> _What is being asked_
Determine how many lines in the material hold the string "both", then reply with that number only.

Data records Start Marker

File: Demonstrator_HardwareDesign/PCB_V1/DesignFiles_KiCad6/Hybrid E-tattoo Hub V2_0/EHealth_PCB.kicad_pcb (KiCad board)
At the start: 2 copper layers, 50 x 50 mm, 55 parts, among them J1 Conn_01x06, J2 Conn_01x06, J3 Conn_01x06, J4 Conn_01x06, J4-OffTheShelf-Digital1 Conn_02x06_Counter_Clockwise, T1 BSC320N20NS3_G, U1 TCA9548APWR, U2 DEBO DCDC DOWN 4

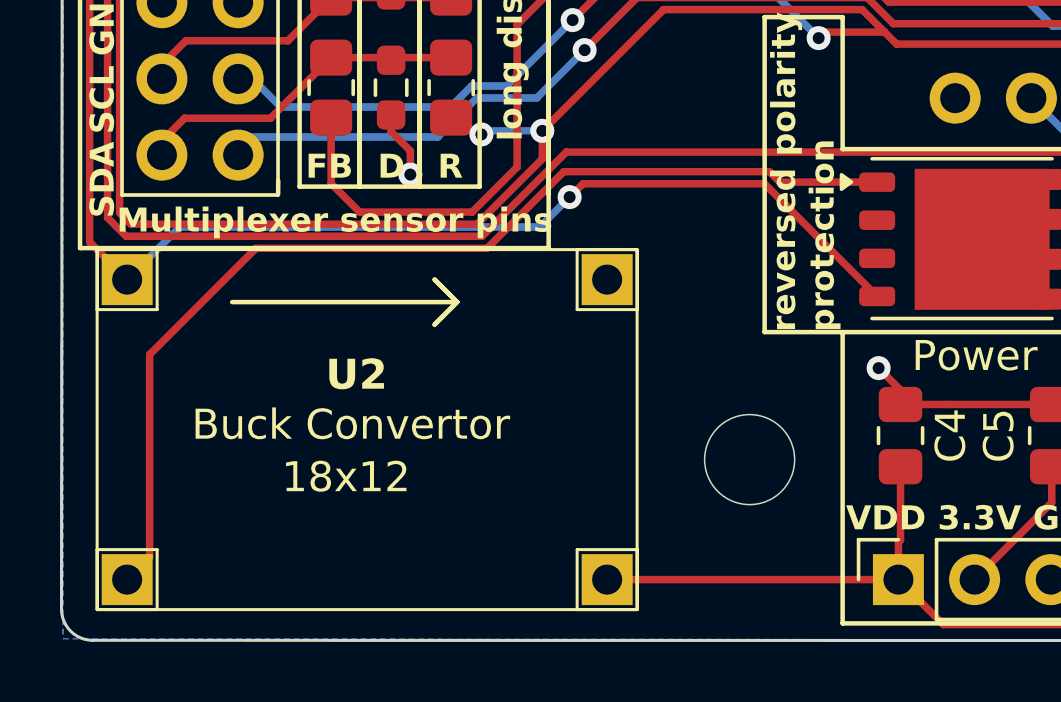
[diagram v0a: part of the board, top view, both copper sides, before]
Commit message: Added production files for V2.0
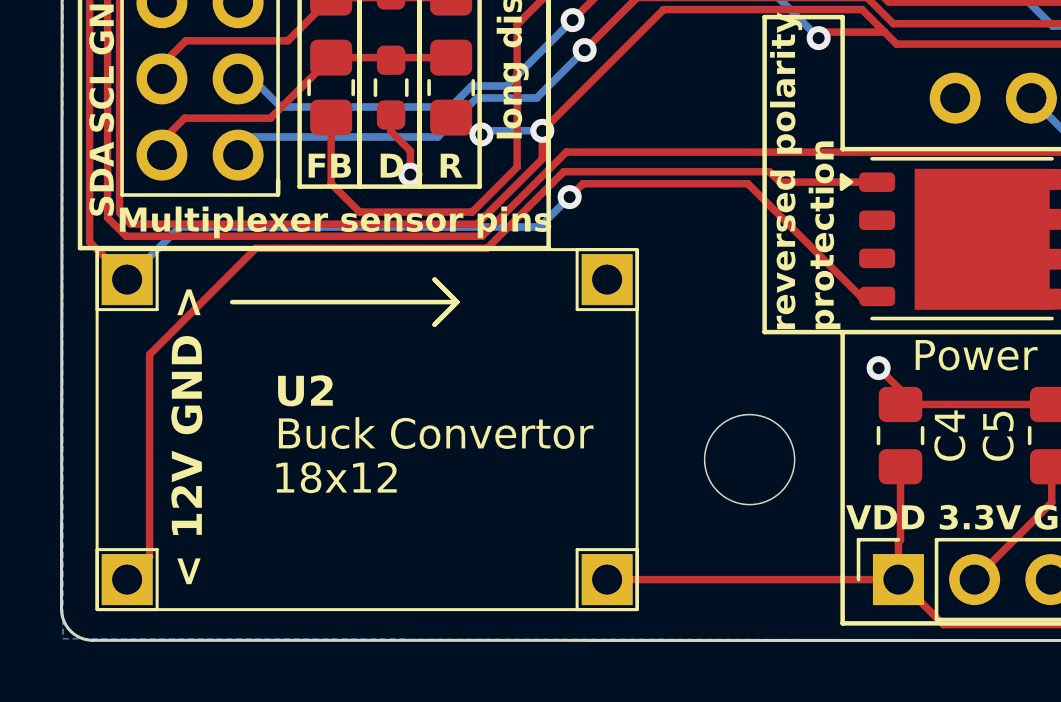
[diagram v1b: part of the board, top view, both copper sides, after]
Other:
- board text added: "< 12V GND >"
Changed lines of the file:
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@@
 		(at 188.75 97.25)
 		(property "Reference" "U2"
-			(at -0.353829 0.17519 0)
+			(at -2.06 0.7432 0)
 			(unlocked yes)
 			(layer "F.SilkS")
@@
 	)
 	(gr_text "Buck Convertor"
-		(at 182.896171 99.67519 0)
+		(at 185.674 99.9998 0)
 		(layer "F.SilkS")
 		(effects
@@
 		)
 	)
+	(gr_text "< 12V GND >"
+		(at 183.3626 104.5464 90)
+		(layer "F.SilkS")
+		(effects
+			(font
+				(size 1 1)
+				(thickness 0.2)
+				(bold yes)
+			)
+			(justify left bottom)
+		)
+	)
 	(gr_text "TX"
 		(at 191.2 69.2 0)
@@
 	)
 	(gr_text "18x12"
-		(at 185.896171 101.42519 0)
+		(at 185.5724 101.473 0)
 		(layer "F.SilkS")
 		(effects
@@
 	)
 	(segment
-		(start 195.5 91.5)
-		(end 195.9452 91.0548)
-		(width 0.25)
-		(layer "F.Cu")
-		(net 22)
-	)
-	(segment
 		(start 185.17 58.79)
 		(end 183.63 57.25)
@@
 	)
 	(segment
-		(start 201.992987 91.0548)
-		(end 205.75 94.811813)
+		(start 195.5 91.5)
+		(end 195.9452 91.0548)
+		(width 0.25)
+		(layer "F.Cu")
+		(net 22)
+	)
+	(segment
+		(start 195.9452 91.0548)
+		(end 201.4432 91.0548)
+		(width 0.25)
+		(layer "F.Cu")
+		(net 22)
+	)
+	(segment
+		(start 201.4432 91.0548)
+		(end 205.200213 94.811813)
 		(width 0.25)
 		(layer "F.Cu")
@@
 	)
 	(segment
-		(start 195.9452 91.0548)
-		(end 201.992987 91.0548)
+		(start 205.200213 94.811813)
+		(end 205.75 94.811813)
 		(width 0.25)
 		(layer "F.Cu")

Data records End Marker

> _Response box_
2